Emani Outterbridge with her yarn vending machine in Philadelphia.
Emani Outterbridge with her yarn vending machine in Philadelphia.
Emani Outterbridge

When 24-year-old Emani Outterbridge was stuck at home with a broken foot this past spring, she got to thinking of new ways to bring her self-made designer yarn to DIYers around Philadelphia. What she landed on was the idea of a yarn-dispensing vending machine, which she floated to her followers on social media.

They responded enthusiastically, and after a whirlwind fundraising campaign, Outterbridge ordered three machines, ready to be stocked with rows of brightly colored skeins. Earlier this month, the first one made its society debut at Elements of Grooming, a Philadelphia barber shop owned by a friend of Outterbridge’s. Soon, curious customers flooded the shop, and Outterbridge (who was on a business trip to Miami at the time) received excited updates from the owner. With the first vending machine already a proven success, she’s now looking to place the remaining two at other local businesses before ordering more.

Outterbridge's vivid skeins in the vending machine.Emani Outterbridge

Outterbridge doesn’t just make designer yarn—she also crochets custom items for her fashion line under the name “Emani Milan.” She’s been crocheting since she was 12 years old, and launched her own online business at age 15 after finishing an entrepreneur course in high school. She’s even designed items for Cardi B, whom she credits with elevating her profile.

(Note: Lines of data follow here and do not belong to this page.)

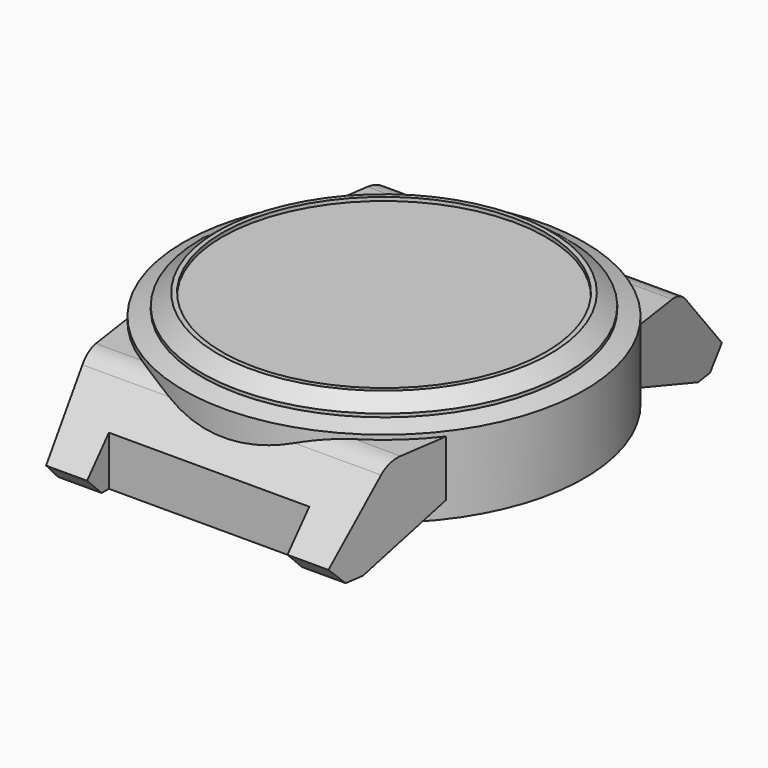
from build123d import *

# Parameters (mm, degrees)
F3_DEPTH         = 17.5
F5_DEPTH         = 12.801
F5_COPIES2_COUNT = 2
F6_W             = 22
F6_H             = 3
F7_DEPTH         = 12.801


# Not quite as in the source:
# - a pattern or mirror of a feature is missing from the dataset's text; its kind, count and spacing are read off the source's solid


with BuildPart() as f1:
    # F0 (on Front) → F1 (revolve)
    with BuildSketch(Plane.XZ):
        Polygon((-15, 0), (0, 0), (0, 12.4), (-17.75, 12.4), (-17.75, 12.8), (-18.25, 12.8), (-20, 11.5), (-20, 11.1382370815), (-22, 10.5), (-22, 2), (-19, 2), align=None)
    revolve(axis=Axis((0, 0, 3.4052523688), (0, 0, -1)))

    # F2 (on Right) → F3 (join, symmetric)
    with BuildSketch(Plane.YZ):
        with BuildLine():
            Line((23, 0), (25, 0))
            Line((25, 0), (27, 2))
            Line((27, 2), (20.8964254043, 8.9755138236))
            ThreePointArc((20.8964254043, 8.9755138236), (19.8783441675, 9.7318987418), (18.6386953202, 10))
            Line((18.6386953202, 10), (13, 10))
            Line((13, 10), (13, 4))
            Line((13, 4), (23, 0))
        make_face()
    f3 = extrude(amount=F3_DEPTH, both=True)

    # F3_copies: F3 across plane
    add(f3.mirror(Plane(origin=(0, 0, 0), x_dir=(0, 0, -1), z_dir=(0, -1, 0))))

    # F4 (on Top) → F5 (cut, through all)
    with BuildSketch(Plane.XY):
        Polygon((-17.5, 27), (-17.5, 13.332291626), (-15.5, 27), align=None)
    f5 = extrude(amount=F5_DEPTH, mode=Mode.SUBTRACT)

    # F5_copies: F5 across plane
    add(f5.mirror(Plane(origin=(0, 0, 0), x_dir=(0, 0, 1), z_dir=(1, 0, 0))), mode=Mode.SUBTRACT)

    # F5_copies1: F5 across plane
    add(f5.mirror(Plane(origin=(0, 0, 0), x_dir=(0, 0, -1), z_dir=(0, -1, 0))), mode=Mode.SUBTRACT)

    # F5_copies2: F5 ×2 about axis
    f5_copies2_axis = Axis((0, 0, 0), (0, 0, 1))
    for i in range(1, F5_COPIES2_COUNT):
        add(f5.rotate(f5_copies2_axis, i * 360 / F5_COPIES2_COUNT), mode=Mode.SUBTRACT)

    # F6 (on Top) → F7 (cut, through all)
    with BuildSketch(Plane.XY):
        with Locations((0, 25.5)):
            Rectangle(F6_W, F6_H)
    f7 = extrude(amount=F7_DEPTH, mode=Mode.SUBTRACT)

    # F7_copies: F7 across plane
    add(f7.mirror(Plane(origin=(0, 0, 0), x_dir=(0, 0, -1), z_dir=(0, -1, 0))), mode=Mode.SUBTRACT)


solid = f1.part
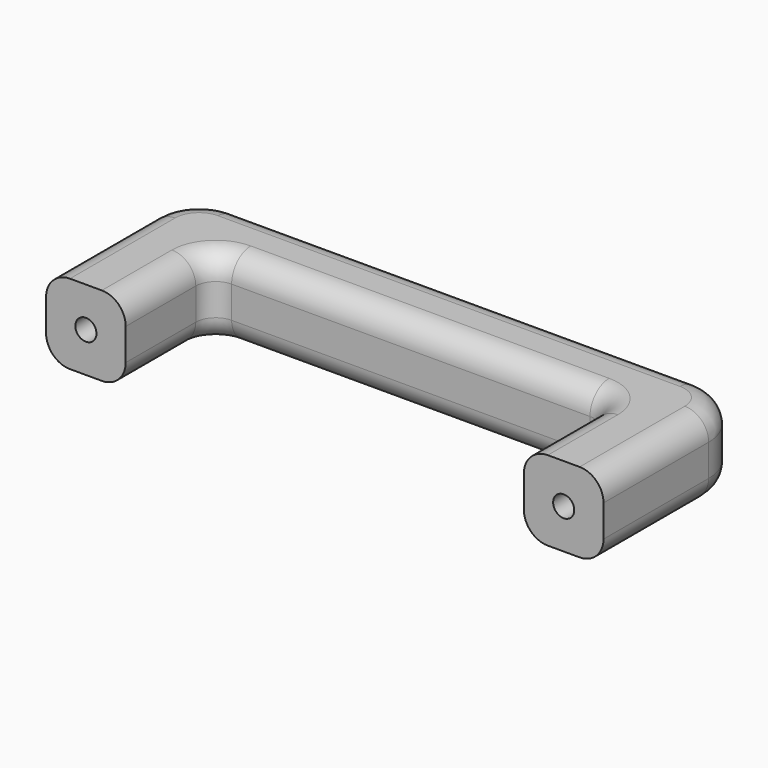
from build123d import *

# Parameters (mm, degrees)
F0_W          = 140
F0_H          = 45
F1_DEPTH      = 20
F2_W          = 100
F2_H          = 27
F3_DEPTH      = 25
F4_R          = 2.65
F5_DEPTH      = 45.001
F6_R          = 4.5
F7_DEPTH      = 25
F8_T1_DEPTH   = 80
F9_R          = 5
F10_T1_DEPTH  = 116
F10_T3_DEPTH  = 90
F10_T5_DEPTH  = 37
F10_T7_DEPTH  = 48
F10_T10_ANGLE = 90
F10_T12_ANGLE = 90
F10_T14_ANGLE = 89.9999999987
F10_T16_ANGLE = 89.9999999987
F10_T18_ANGLE = 90
F10_T20_ANGLE = 90
F10_T22_ANGLE = 89.9999999987
F10_T24_ANGLE = 89.9999999987


# Not quite as in the source:
# - a fillet or chamfer that OpenCascade refuses, or shapes differently, is made with other operations: its cross-section is extruded or revolved along the edge and cut away or added


with BuildPart() as f1:
    # F0 (on Top) → F1 (new body)
    with BuildSketch(Plane.XY):
        Rectangle(F0_W, F0_H)
    extrude(amount=F1_DEPTH)

    # F2 (on face) → F3 (cut)
    with BuildSketch(Plane.XY.offset(20)):
        with Locations((0, -9)):
            Rectangle(F2_W, F2_H)
    extrude(amount=-F3_DEPTH, mode=Mode.SUBTRACT)

    # F4 (on face) → F5 (cut, through all)
    with BuildSketch(Plane(origin=(0, 22.5, 0), x_dir=(-1, 0, 0), z_dir=(0, 1, 0))):
        with Locations((60, 10)):
            Circle(F4_R)
        with Locations((-60, 10)):
            Circle(F4_R)
    extrude(amount=-F5_DEPTH, mode=Mode.SUBTRACT)

    # F6 (on face) → F7 (cut)
    with BuildSketch(Plane(origin=(0, 22.5, 0), x_dir=(-1, 0, 0), z_dir=(0, 1, 0))):
        with Locations((60, 10)):
            Circle(F6_R)
        with Locations((-60, 10)):
            Circle(F6_R)
    extrude(amount=-F7_DEPTH, mode=Mode.SUBTRACT)

    # F8: fillet of radius 12 on 2 edges, made by hand

    # F8_s2 → F8_t1 (cut)
    with BuildSketch(Plane.XY.offset(-30)):
        with BuildLine():
            ThreePointArc((-58, 22.5), (-66.4852813742, 18.9852813742), (-70, 10.5))
            Line((-70, 10.5), (-70, 22.5))
            Line((-70, 22.5), (-58, 22.5))
        make_face()
        with BuildLine():
            ThreePointArc((58, 22.5), (66.4852813742, 18.9852813742), (70, 10.5))
            Line((70, 10.5), (70, 22.5))
            Line((70, 22.5), (58, 22.5))
        make_face()
    extrude(amount=F8_T1_DEPTH, mode=Mode.SUBTRACT)

    # F9
    f9_edges = [f1.edges().sort_by_distance(p)[0] for p in [
        (-50, 4.5, 10),
        (50, 4.5, 10),
    ]]
    fillet(f9_edges, radius=F9_R)

    # F10: fillet of radius 6 on 20 edges, made by hand

    # F10_s2 → F10_t1 (cut)
    with BuildSketch(Plane.YZ.offset(-58)):
        with BuildLine():
            ThreePointArc((22.5, 14), (20.7426406871, 18.2426406871), (16.5, 20))
            Line((16.5, 20), (22.5, 20))
            Line((22.5, 20), (22.5, 14))
        make_face()
        with BuildLine():
            ThreePointArc((16.5, 0), (20.7426406871, 1.7573593129), (22.5, 6))
            Line((22.5, 6), (22.5, 0))
            Line((22.5, 0), (16.5, 0))
        make_face()
    extrude(amount=F10_T1_DEPTH, mode=Mode.SUBTRACT)

    # F10_s4 → F10_t3 (cut)
    with BuildSketch(Plane.YZ.offset(-45)):
        with BuildLine():
            ThreePointArc((4.5, 14), (6.2573593129, 18.2426406871), (10.5, 20))
            Line((10.5, 20), (4.5, 20))
            Line((4.5, 20), (4.5, 14))
        make_face()
        with BuildLine():
            ThreePointArc((10.5, 0), (6.2573593129, 1.7573593129), (4.5, 6))
            Line((4.5, 6), (4.5, 0))
            Line((4.5, 0), (10.5, 0))
        make_face()
    extrude(amount=F10_T3_DEPTH, mode=Mode.SUBTRACT)

    # F10_s6 → F10_t5 (cut)
    with BuildSketch(Plane.XZ.offset(0.5)):
        with BuildLine():
            ThreePointArc((56, 0), (51.7573593129, 1.7573593129), (50, 6))
            Line((50, 6), (50, 0))
            Line((50, 0), (56, 0))
        make_face()
        with BuildLine():
            ThreePointArc((-56, 0), (-51.7573593129, 1.7573593129), (-50, 6))
            Line((-50, 6), (-50, 0))
            Line((-50, 0), (-56, 0))
        make_face()
        with BuildLine():
            ThreePointArc((50, 14), (51.7573593129, 18.2426406871), (56, 20))
            Line((56, 20), (50, 20))
            Line((50, 20), (50, 14))
        make_face()
        with BuildLine():
            ThreePointArc((-50, 14), (-51.7573593129, 18.2426406871), (-56, 20))
            Line((-56, 20), (-50, 20))
            Line((-50, 20), (-50, 14))
        make_face()
    extrude(amount=F10_T5_DEPTH, mode=Mode.SUBTRACT)

    # F10_s8 → F10_t7 (cut)
    with BuildSketch(Plane.XZ.offset(-10.5)):
        with BuildLine():
            ThreePointArc((64, 0), (68.2426406871, 1.7573593129), (70, 6))
            Line((70, 6), (70, 0))
            Line((70, 0), (64, 0))
        make_face()
        with BuildLine():
            ThreePointArc((-64, 0), (-68.2426406871, 1.7573593129), (-70, 6))
            Line((-70, 6), (-70, 0))
            Line((-70, 0), (-64, 0))
        make_face()
        with BuildLine():
            ThreePointArc((70, 14), (68.2426406871, 18.2426406871), (64, 20))
            Line((64, 20), (70, 20))
            Line((70, 20), (70, 14))
        make_face()
        with BuildLine():
            ThreePointArc((-70, 14), (-68.2426406871, 18.2426406871), (-64, 20))
            Line((-64, 20), (-70, 20))
            Line((-70, 20), (-70, 14))
        make_face()
    extrude(amount=F10_T7_DEPTH, mode=Mode.SUBTRACT)

    # F10_s9 → F10_t10 (revolve, cut)
    with BuildSketch(Plane.XZ.offset(0.5)):
        with BuildLine():
            ThreePointArc((56, 0), (51.7573593129, 1.7573593129), (50, 6))
            Line((50, 6), (50, 0))
            Line((50, 0), (56, 0))
        make_face()
    revolve(axis=Axis((45, -0.5, 0), (0, 0, 1)), revolution_arc=F10_T10_ANGLE, mode=Mode.SUBTRACT)

    # F10_s11 → F10_t12 (revolve, cut)
    with BuildSketch(Plane.YZ.offset(-45)):
        with BuildLine():
            ThreePointArc((10.5, 0), (6.2573593129, 1.7573593129), (4.5, 6))
            Line((4.5, 6), (4.5, 0))
            Line((4.5, 0), (10.5, 0))
        make_face()
    revolve(axis=Axis((-45, -0.5, 0), (0, 0, 1)), revolution_arc=F10_T12_ANGLE, mode=Mode.SUBTRACT)

    # F10_s13 → F10_t14 (revolve, cut)
    with BuildSketch(Plane.YZ.offset(57.9999999999)):
        with BuildLine():
            ThreePointArc((16.5, 0), (20.7426406871, 1.7573593129), (22.5, 6))
            Line((22.5, 6), (22.5, 0))
            Line((22.5, 0), (16.5, 0))
        make_face()
    revolve(axis=Axis((57.9999999999, 10.4999999999, 0), (0, 0, -1)), revolution_arc=F10_T14_ANGLE, mode=Mode.SUBTRACT)

    # F10_s15 → F10_t16 (revolve, cut)
    with BuildSketch(Plane.XZ.offset(-10.4999999999)):
        with BuildLine():
            ThreePointArc((-64, 0), (-68.2426406871, 1.7573593129), (-70, 6))
            Line((-70, 6), (-70, 0))
            Line((-70, 0), (-64, 0))
        make_face()
    revolve(axis=Axis((-57.9999999999, 10.4999999999, 0), (0, 0, -1)), revolution_arc=F10_T16_ANGLE, mode=Mode.SUBTRACT)

    # F10_s17 → F10_t18 (revolve, cut)
    with BuildSketch(Plane.XZ.offset(0.5)):
        with BuildLine():
            ThreePointArc((50, 14), (51.7573593129, 18.2426406871), (56, 20))
            Line((56, 20), (50, 20))
            Line((50, 20), (50, 14))
        make_face()
    revolve(axis=Axis((45, -0.5, 20), (0, 0, 1)), revolution_arc=F10_T18_ANGLE, mode=Mode.SUBTRACT)

    # F10_s19 → F10_t20 (revolve, cut)
    with BuildSketch(Plane.YZ.offset(-45)):
        with BuildLine():
            ThreePointArc((4.5, 14), (6.2573593129, 18.2426406871), (10.5, 20))
            Line((10.5, 20), (4.5, 20))
            Line((4.5, 20), (4.5, 14))
        make_face()
    revolve(axis=Axis((-45, -0.5, 20), (0, 0, 1)), revolution_arc=F10_T20_ANGLE, mode=Mode.SUBTRACT)

    # F10_s21 → F10_t22 (revolve, cut)
    with BuildSketch(Plane.YZ.offset(57.9999999999)):
        with BuildLine():
            ThreePointArc((22.5, 14), (20.7426406871, 18.2426406871), (16.5, 20))
            Line((16.5, 20), (22.5, 20))
            Line((22.5, 20), (22.5, 14))
        make_face()
    revolve(axis=Axis((57.9999999999, 10.4999999999, 20), (0, 0, -1)), revolution_arc=F10_T22_ANGLE, mode=Mode.SUBTRACT)

    # F10_s23 → F10_t24 (revolve, cut)
    with BuildSketch(Plane.XZ.offset(-10.4999999999)):
        with BuildLine():
            ThreePointArc((-70, 14), (-68.2426406871, 18.2426406871), (-64, 20))
            Line((-64, 20), (-70, 20))
            Line((-70, 20), (-70, 14))
        make_face()
    revolve(axis=Axis((-57.9999999999, 10.4999999999, 20), (0, 0, -1)), revolution_arc=F10_T24_ANGLE, mode=Mode.SUBTRACT)


solid = f1.part

Outterbridge tells Mental Floss that the best part about being a business owner is the freedom to be “completely committed to my own success.”

Part of that success comes from understanding the needs of her fellow crocheters (and knitters), which helped her come up with the innovative vending machines in the first place. “I was thinking … if I had something that’s accessible to me 24 hours, mid-project, if I need to stop and go get some yarn, a vending machine would be ideal,” she explains.

Since the first vending machine is currently housed inside the barber shop—and future ones will likely live indoors, too—Outterbridge is hoping to open her own brick-and-mortar store in order to give people round-the-clock access to yarn. “With the salons and the shops—they close," she says. “But if I had my own store, I can have it open 24/7, so that’s what I’m pushing for.”

A future crocheter checks out the goods.Emani Outterbridge

In the meantime, she’ll continue offering her vibrant yarn skeins and garments through her website. Though you might assume a career crocheter would look forward to making cozy sweaters and scarves for chilly weather, Outterbridge actually prefers the summer months, which allow for more “creative range”—items like swimsuits, coverups, skirts, and rompers.